MethodsFifty-six adult Sprague-Dawley rats were randomly divided into 2 groups: in the control group (n=7), simple T9 laminectomy was performed;in the experimental group (n=49), the SCI model was established at T9, 7 rats were used to detect follow indexs at 6 hours, 12 hours, 1 day, 3 days, 5 days, 7 days, and 14 days after SCI. Western blot analysis was used to detect the protein expressions of P27kip1, KPC2, CyclinA and proliferating cell nuclear antigen (PCNA) after SCI. Immunohistochemistry was used to observed the cellular localization of KPC2 after SCI, double-labeling immunofluorescence staining to observe the co-localization of KPC2 with neuronal nuclei (NeuN), glial fibrillary acidic protein (GFAP) and PCNA. in vitro astrocytes proliferation model was used to further validate these results, Western blot to detect KPC2, P27kip1, and PCNA expressions. The interaction of P27kip1, KPC1, and KPC2 in cell proliferation was analyzed by co-immunoprecipitation.

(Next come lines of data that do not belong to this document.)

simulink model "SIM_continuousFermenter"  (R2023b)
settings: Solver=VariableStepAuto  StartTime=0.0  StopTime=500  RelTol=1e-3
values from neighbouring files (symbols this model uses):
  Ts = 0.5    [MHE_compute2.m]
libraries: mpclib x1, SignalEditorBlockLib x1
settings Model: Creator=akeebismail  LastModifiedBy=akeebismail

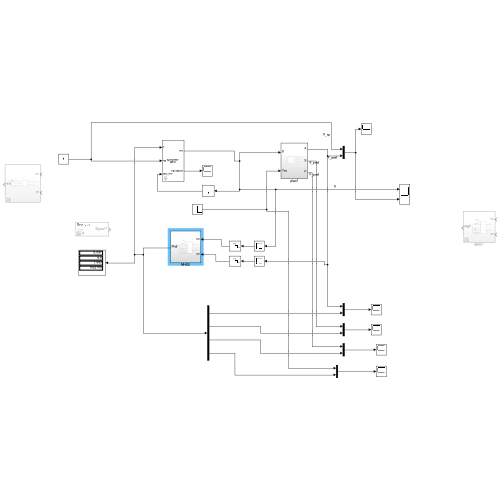
[thumbnail: Simulink's stored preview of the top-level diagram]
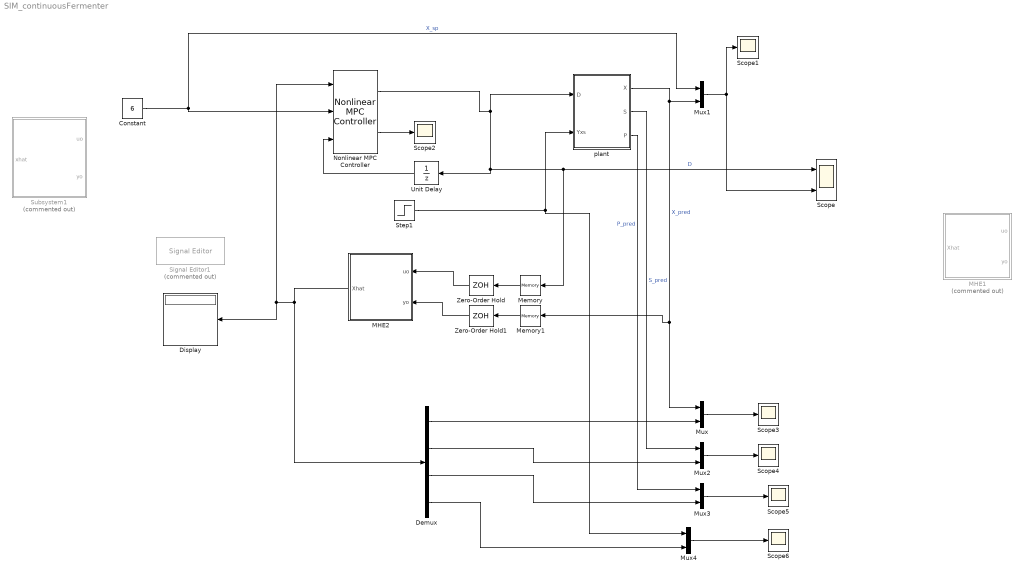
== system SIM_continuousFermenter ==
  Constant : Constant  Value=6
  Demux : Demux
  Display : Display
  MHE1 : Subsystem  Commented=on
  MHE2 : Subsystem
  Memory : Memory  InitialCondition=0.202
  Memory1 : Memory  InitialCondition=6
  Mux{,1..4} (5 alike) : Mux  Inputs=2
  Nonlinear MPC Controller : mpclib/Nonlinear MPC Controller  nlmpcobj=nlobj  UseObjectTs=on  UseMEX=off  md_enabled=off  mvtarget_enabled=off  param_enabled=off  cost_enabled=off  mvseq_enabled=off  stateseq_enabled=off  ovseq_enabled=off  slack_enabled=off  status_enabled=on  ov_min=off  ov_max=off  mv_min=off  mv_max=off  mvrate_min=off  mvrate_max=off  state_min=off  state_max=off  ov_weight=off  mv_weight=off  mvrate_weight=off  ecr_weight=off  nlp_initialize=off
  Scope : Scope  NumInputPorts=2
  Scope{1..6} (6 alike) : Scope
  Signal Editor1 : SignalEditorBlockLib/Signal Editor  Commented=on  FileName=Yxs.mat  ActiveScenario=Scenario  ActiveSignal=Signal 1  IsBus=off  OutputBusObjectStr=Bus: BusObject  SampleTime=Ts  Interpolate=off  ZeroCross=off  OutputAfterFinalValue=Setting to zero  Unit=inherit  PreserveSignalName=on  ApplySigPropsToAllScenarios=on  ApplySigPropsToAllSignals=off
  Step1 : Step  Time=200  Before=0.4  After=0.35  SampleTime=0
  Subsystem1 : Subsystem  Commented=on
  Unit Delay : UnitDelay  InitialCondition=0.202  SampleTime=Ts  HasFrameUpgradeWarning=on
  Zero-Order Hold : ZeroOrderHold  SampleTime=Ts
  Zero-Order Hold1 : ZeroOrderHold  SampleTime=Ts
  plant : Subsystem
  wires:
  Nonlinear MPC Controller/1 -> Memory/1, Scope/1, Unit Delay/1, plant/1(D)  "D"
  Constant/1 -> Nonlinear MPC Controller/2, Mux1/1  "X_sp"
  Nonlinear MPC Controller/2 -> Scope2/1
  plant/1(X) -> Mux/1, Memory1/1, Mux1/2  "X_pred"
  Unit Delay/1 -> Nonlinear MPC Controller/3
  Mux1/1 -> Scope/2, Scope1/1
  Zero-Order Hold/1 -> MHE2/1(uo)
  Zero-Order Hold1/1 -> MHE2/2(yo)
  Memory/1 -> Zero-Order Hold/1
  Memory1/1 -> Zero-Order Hold1/1
  MHE2/1(Xhat) -> Demux/1, Nonlinear MPC Controller/1, Display/1
  Demux/1 -> Mux/2
  Demux/2 -> Mux2/2
  Demux/3 -> Mux3/2
  Demux/4 -> Mux4/2
  plant/2(S) -> Mux2/1  "S_pred"
  plant/3(P) -> Mux3/1  "P_pred"
  Step1/1 -> Mux4/1, plant/2(Yxs)
  Mux/1 -> Scope3/1
  Mux2/1 -> Scope4/1
  Mux3/1 -> Scope5/1
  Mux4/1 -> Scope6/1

ResultsThe Western blot analysis showed a significant down-regulation of P27kip1 and a concomitant up-regulation of KPC2, CyclinA, and PCNA after SCI. Immunohistochemistry staining revealed a wide distribution of KPC2 positive signals in the gray matter and white matter of the spinal cord. The number of KPC2 positive cells in the experimental group was significantly higher than that in the control group (t=10.982, P=0.000). Double-labeling immunofluorescence staining revealed the number of KPC2/NeuN co-expression cells in the gray matter of spinal cord was (0.43±0.53)/visual field in the control group and (0.57±0.53)/visual field in the experimental group, showing no significant difference (t=0.548, P=0.604);in the white matter of spinal cord, the number of KPC2/PCNA co-expression cells was (3.86±0.90)/visual field in the control group and (0.71±0.49)/visual field in the experimental group, showing significant difference (t=7.778, P=0.000). And then, the number of KPC2/PCNA co-expression cells were (0.57±0.53)/visual field in the control group and (5.57±1.13)/visual field in the experimental group, showing significant difference (t=8.101, P=0.000). Concomitantly, there was a similar kinetic in proliferating astrocytes in vitro. The Western blot analysis showed a significant down-regulation of P27kip1 and a concomitant up-regulation of KPC2 and PCNA after serum stimulated. Co-immunoprecipitation demonstrated increased interactions between P27kip1, KPC1, and KPC2 after stimulation.
ConclusionThe up-regulated expression of KPC2 after SCI is related to the down-regulation of P27kip1, this event may be involved in the proliferation of astrocytes after SCI.